# The task
When the line containing "Turbina Hidro : TransferFcn" appears in the data below, begin copying there and stop only after the line containing "Sum2/1 -> Scope2/1, Servomotor/1".

# Records
_ _ _ _ _ _ _

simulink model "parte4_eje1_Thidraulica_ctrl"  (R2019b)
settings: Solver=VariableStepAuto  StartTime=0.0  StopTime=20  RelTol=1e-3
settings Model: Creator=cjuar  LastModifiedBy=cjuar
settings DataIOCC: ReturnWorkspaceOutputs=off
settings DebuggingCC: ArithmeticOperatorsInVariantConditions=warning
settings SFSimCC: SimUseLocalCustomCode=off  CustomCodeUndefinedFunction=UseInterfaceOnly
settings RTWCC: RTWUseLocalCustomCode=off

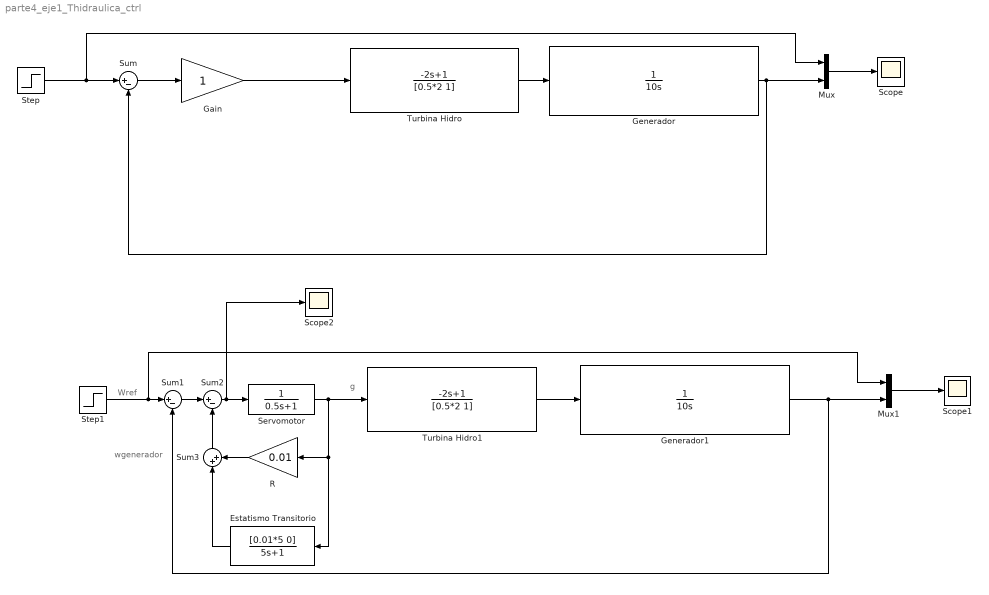
== system parte4_eje1_Thidraulica_ctrl ==
  note: g
  note: wgenerador
  note: Wref
  Estatismo Transitorio : TransferFcn  Numerator=[0.01*5 0]  Denominator=[5 1]
  Gain : Gain
  Generador : TransferFcn  Denominator=[10 0]
  Generador1 : TransferFcn  Denominator=[10 0]
  Mux : Mux  Inputs=2
  Mux1 : Mux  Inputs=2
  R : Gain  Gain=0.01
  Scope : Scope
  Scope1 : Scope
  Scope2 : Scope
  Servomotor : TransferFcn  Denominator=[0.5 1]
  Step : Step  After=0.1  SampleTime=0
  Step1 : Step  After=0.1  SampleTime=0
  Sum : Sum  Inputs=|+-
  Sum1 : Sum  Inputs=|+-
  Sum2 : Sum  Inputs=|+-
  Sum3 : Sum  Inputs=|++
  Turbina Hidro : TransferFcn  Numerator=[-2 1]  Denominator=[0.5*2 1]
  Turbina Hidro1 : TransferFcn  Numerator=[-2 1]  Denominator=[0.5*2 1]
  wires:
  Mux/1 -> Scope/1
  Turbina Hidro/1 -> Generador/1
  Gain/1 -> Turbina Hidro/1
  Sum/1 -> Gain/1
  Generador/1 -> Sum/2, Mux/2
  Step/1 -> Mux/1, Sum/1
  Step1/1 -> Mux1/1, Sum1/1
  Mux1/1 -> Scope1/1
  Sum1/1 -> Sum2/1
  Generador1/1 -> Sum1/2, Mux1/2
  Turbina Hidro1/1 -> Generador1/1
  Sum3/1 -> Sum2/2
  R/1 -> Sum3/2
  Servomotor/1 -> Estatismo Transitorio/1, R/1, Turbina Hidro1/1
  Sum2/1 -> Scope2/1, Servomotor/1
  Estatismo Transitorio/1 -> Sum3/1

_ _ _ _ _ _ _

# Output for this task
  Turbina Hidro : TransferFcn  Numerator=[-2 1]  Denominator=[0.5*2 1]
  Turbina Hidro1 : TransferFcn  Numerator=[-2 1]  Denominator=[0.5*2 1]
  wires:
  Mux/1 -> Scope/1
  Turbina Hidro/1 -> Generador/1
  Gain/1 -> Turbina Hidro/1
  Sum/1 -> Gain/1
  Generador/1 -> Sum/2, Mux/2
  Step/1 -> Mux/1, Sum/1
  Step1/1 -> Mux1/1, Sum1/1
  Mux1/1 -> Scope1/1
  Sum1/1 -> Sum2/1
  Generador1/1 -> Sum1/2, Mux1/2
  Turbina Hidro1/1 -> Generador1/1
  Sum3/1 -> Sum2/2
  R/1 -> Sum3/2
  Servomotor/1 -> Estatismo Transitorio/1, R/1, Turbina Hidro1/1
  Sum2/1 -> Scope2/1, Servomotor/1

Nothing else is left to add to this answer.